■ Assigned task: Could you filter the records below and keep only the lines with the word "TotalValid"?

■ The data:
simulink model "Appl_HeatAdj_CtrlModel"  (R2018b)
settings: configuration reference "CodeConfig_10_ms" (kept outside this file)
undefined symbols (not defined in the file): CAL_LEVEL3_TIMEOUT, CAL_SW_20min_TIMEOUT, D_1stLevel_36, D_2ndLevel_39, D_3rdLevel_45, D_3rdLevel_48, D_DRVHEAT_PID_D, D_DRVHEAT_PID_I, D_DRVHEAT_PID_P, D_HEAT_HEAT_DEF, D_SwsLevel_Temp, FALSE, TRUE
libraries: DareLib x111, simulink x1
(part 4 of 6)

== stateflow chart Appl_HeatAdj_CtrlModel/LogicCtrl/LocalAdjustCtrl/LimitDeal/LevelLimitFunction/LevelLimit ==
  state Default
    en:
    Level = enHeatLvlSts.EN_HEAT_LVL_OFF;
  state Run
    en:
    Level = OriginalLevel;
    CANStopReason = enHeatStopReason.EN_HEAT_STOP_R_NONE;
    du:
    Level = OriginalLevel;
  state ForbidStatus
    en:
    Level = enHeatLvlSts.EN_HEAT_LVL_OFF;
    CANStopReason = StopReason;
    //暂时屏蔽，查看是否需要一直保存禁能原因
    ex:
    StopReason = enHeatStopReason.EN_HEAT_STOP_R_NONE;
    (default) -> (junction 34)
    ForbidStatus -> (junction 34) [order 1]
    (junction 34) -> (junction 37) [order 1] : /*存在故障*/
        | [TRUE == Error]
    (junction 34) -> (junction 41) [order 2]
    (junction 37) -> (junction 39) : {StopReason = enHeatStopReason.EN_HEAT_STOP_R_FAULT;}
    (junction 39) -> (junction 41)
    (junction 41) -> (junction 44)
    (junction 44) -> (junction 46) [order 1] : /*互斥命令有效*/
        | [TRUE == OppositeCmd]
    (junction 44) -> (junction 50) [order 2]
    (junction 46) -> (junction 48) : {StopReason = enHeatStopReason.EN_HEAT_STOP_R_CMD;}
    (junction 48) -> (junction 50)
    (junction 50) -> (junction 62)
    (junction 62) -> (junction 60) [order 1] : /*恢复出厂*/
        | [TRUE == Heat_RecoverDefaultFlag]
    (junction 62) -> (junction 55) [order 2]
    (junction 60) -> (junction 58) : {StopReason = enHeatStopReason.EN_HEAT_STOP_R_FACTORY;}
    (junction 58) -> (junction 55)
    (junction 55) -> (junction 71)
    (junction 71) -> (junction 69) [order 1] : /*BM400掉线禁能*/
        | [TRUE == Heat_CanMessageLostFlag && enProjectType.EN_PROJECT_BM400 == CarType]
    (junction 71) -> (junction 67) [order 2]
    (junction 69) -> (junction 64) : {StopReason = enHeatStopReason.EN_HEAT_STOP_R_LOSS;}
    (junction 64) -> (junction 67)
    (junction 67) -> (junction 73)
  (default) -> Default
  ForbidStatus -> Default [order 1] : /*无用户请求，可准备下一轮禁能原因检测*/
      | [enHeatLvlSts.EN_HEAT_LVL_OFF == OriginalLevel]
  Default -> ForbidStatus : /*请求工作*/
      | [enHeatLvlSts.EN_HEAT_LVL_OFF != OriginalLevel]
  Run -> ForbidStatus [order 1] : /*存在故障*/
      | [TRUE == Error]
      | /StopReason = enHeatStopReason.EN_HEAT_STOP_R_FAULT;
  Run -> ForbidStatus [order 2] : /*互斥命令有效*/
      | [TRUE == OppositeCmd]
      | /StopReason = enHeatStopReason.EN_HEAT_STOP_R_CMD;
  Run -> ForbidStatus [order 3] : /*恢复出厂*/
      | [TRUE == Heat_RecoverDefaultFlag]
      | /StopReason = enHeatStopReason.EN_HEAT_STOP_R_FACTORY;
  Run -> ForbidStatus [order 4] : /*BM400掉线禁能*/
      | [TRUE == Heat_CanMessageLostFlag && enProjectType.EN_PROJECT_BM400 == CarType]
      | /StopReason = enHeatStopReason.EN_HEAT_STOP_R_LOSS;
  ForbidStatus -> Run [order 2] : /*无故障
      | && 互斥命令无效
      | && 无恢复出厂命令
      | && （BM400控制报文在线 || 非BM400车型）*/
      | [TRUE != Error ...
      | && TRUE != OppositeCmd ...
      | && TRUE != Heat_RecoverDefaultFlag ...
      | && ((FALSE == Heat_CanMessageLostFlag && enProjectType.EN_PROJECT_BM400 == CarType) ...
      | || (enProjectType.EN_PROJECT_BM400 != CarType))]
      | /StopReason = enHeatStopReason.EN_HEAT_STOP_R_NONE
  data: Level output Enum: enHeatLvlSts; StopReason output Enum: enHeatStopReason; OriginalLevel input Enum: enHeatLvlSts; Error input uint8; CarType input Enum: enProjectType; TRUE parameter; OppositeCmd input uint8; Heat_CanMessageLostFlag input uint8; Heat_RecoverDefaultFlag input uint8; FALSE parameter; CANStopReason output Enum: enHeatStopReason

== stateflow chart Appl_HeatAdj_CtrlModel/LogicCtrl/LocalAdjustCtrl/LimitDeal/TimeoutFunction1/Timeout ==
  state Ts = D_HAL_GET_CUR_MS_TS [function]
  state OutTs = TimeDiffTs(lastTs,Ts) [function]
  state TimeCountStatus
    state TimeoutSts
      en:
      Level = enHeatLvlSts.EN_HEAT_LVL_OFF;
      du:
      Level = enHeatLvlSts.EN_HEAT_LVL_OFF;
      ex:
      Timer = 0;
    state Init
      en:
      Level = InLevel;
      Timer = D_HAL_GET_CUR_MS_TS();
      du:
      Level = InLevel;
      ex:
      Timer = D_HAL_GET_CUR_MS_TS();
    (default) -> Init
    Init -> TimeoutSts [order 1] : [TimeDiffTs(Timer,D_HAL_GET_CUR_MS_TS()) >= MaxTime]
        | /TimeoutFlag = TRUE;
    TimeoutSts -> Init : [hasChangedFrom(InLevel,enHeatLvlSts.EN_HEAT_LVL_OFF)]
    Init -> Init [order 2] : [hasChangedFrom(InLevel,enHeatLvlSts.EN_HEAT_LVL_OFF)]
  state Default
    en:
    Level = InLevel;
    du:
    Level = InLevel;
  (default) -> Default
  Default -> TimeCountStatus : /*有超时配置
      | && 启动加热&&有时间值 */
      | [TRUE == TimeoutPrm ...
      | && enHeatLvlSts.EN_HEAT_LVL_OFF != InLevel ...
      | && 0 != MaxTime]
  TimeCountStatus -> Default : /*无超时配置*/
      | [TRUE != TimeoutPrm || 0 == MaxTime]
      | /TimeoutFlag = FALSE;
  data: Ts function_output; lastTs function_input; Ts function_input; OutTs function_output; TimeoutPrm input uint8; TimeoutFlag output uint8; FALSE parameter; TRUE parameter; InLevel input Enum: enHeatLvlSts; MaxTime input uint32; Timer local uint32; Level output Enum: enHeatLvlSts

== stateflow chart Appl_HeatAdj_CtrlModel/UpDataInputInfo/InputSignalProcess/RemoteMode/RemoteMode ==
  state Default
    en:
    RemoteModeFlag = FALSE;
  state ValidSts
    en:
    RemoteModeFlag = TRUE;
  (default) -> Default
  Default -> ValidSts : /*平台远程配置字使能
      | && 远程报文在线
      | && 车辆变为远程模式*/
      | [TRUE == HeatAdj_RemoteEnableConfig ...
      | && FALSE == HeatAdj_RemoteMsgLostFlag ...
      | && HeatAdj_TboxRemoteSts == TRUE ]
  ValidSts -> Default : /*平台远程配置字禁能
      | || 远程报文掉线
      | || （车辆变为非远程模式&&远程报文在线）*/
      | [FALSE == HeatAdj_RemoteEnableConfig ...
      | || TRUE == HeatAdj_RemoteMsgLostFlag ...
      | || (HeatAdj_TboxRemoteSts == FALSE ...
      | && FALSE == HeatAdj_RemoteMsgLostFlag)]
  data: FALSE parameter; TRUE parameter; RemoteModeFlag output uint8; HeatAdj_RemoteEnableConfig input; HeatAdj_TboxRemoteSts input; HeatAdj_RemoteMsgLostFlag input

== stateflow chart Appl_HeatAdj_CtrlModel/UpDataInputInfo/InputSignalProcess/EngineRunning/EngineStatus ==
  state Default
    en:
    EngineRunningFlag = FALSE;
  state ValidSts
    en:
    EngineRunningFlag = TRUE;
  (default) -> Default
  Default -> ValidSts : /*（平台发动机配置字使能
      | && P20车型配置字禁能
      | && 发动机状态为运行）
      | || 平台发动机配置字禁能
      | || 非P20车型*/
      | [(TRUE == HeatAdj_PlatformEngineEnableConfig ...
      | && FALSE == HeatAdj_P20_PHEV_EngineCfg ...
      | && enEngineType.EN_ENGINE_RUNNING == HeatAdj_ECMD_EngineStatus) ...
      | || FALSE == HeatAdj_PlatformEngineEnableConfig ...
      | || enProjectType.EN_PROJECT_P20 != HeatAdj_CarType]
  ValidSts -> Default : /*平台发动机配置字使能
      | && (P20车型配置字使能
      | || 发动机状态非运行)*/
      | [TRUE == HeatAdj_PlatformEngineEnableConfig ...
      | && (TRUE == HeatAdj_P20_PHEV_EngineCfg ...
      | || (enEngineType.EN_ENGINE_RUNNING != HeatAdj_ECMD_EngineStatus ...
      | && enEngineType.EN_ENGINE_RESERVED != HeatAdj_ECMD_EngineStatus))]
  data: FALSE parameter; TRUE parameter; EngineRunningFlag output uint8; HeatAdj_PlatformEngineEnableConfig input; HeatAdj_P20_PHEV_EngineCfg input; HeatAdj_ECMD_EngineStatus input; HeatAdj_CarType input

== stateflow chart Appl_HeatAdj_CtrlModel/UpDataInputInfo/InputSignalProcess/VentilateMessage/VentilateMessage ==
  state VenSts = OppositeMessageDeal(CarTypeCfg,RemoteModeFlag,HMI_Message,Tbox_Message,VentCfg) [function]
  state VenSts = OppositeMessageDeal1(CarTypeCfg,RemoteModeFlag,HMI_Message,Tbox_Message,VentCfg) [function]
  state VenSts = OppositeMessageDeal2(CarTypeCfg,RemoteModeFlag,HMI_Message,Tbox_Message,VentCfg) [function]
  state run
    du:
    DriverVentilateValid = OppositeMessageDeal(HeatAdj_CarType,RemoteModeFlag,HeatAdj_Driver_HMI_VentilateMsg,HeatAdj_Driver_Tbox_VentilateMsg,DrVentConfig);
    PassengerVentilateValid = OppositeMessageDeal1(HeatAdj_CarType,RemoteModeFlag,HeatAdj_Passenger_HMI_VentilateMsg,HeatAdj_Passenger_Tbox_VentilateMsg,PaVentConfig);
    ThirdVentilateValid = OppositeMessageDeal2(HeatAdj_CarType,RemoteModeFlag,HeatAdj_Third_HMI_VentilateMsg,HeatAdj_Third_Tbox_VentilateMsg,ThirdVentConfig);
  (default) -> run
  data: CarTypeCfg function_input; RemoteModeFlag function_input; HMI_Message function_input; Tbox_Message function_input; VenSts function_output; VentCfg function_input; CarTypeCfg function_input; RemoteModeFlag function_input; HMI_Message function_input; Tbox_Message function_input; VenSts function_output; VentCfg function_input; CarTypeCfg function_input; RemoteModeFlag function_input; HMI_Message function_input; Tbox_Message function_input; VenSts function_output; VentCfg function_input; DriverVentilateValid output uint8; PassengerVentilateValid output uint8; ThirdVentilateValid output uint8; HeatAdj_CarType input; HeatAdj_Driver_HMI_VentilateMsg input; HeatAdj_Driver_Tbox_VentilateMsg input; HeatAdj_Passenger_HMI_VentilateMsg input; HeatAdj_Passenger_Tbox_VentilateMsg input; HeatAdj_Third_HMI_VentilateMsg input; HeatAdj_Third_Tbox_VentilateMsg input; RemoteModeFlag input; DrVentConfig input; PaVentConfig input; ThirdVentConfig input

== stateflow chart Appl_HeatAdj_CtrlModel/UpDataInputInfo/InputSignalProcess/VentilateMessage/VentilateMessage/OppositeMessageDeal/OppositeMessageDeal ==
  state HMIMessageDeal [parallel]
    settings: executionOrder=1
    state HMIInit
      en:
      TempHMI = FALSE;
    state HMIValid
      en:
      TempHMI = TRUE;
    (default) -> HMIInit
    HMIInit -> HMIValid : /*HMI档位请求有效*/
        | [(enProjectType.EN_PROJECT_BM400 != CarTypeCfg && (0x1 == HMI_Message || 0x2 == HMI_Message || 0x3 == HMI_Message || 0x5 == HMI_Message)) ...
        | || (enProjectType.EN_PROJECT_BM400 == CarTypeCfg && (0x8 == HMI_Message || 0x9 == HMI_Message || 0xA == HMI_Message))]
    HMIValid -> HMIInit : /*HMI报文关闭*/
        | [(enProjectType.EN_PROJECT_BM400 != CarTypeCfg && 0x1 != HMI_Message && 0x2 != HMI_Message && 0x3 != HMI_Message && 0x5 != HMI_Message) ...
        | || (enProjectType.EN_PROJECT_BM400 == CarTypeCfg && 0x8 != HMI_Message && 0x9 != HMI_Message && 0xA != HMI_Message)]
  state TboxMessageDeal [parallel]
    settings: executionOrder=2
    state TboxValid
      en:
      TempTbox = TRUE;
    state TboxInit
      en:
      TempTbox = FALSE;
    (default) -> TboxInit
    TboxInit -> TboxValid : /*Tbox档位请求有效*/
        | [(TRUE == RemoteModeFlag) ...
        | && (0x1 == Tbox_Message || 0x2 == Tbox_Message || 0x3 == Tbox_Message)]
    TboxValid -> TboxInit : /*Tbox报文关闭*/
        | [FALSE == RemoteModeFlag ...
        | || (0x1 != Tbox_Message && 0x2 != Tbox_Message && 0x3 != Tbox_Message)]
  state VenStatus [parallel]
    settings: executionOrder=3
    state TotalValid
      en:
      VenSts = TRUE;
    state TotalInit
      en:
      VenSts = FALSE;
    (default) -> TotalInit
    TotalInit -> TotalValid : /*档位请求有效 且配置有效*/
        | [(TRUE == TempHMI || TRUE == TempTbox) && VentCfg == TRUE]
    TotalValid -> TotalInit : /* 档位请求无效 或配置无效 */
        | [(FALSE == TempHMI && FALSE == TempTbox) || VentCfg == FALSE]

■ Answer box:
    state TotalValid
    TotalInit -> TotalValid : /*档位请求有效 且配置有效*/
    TotalValid -> TotalInit : /* 档位请求无效 或配置无效 */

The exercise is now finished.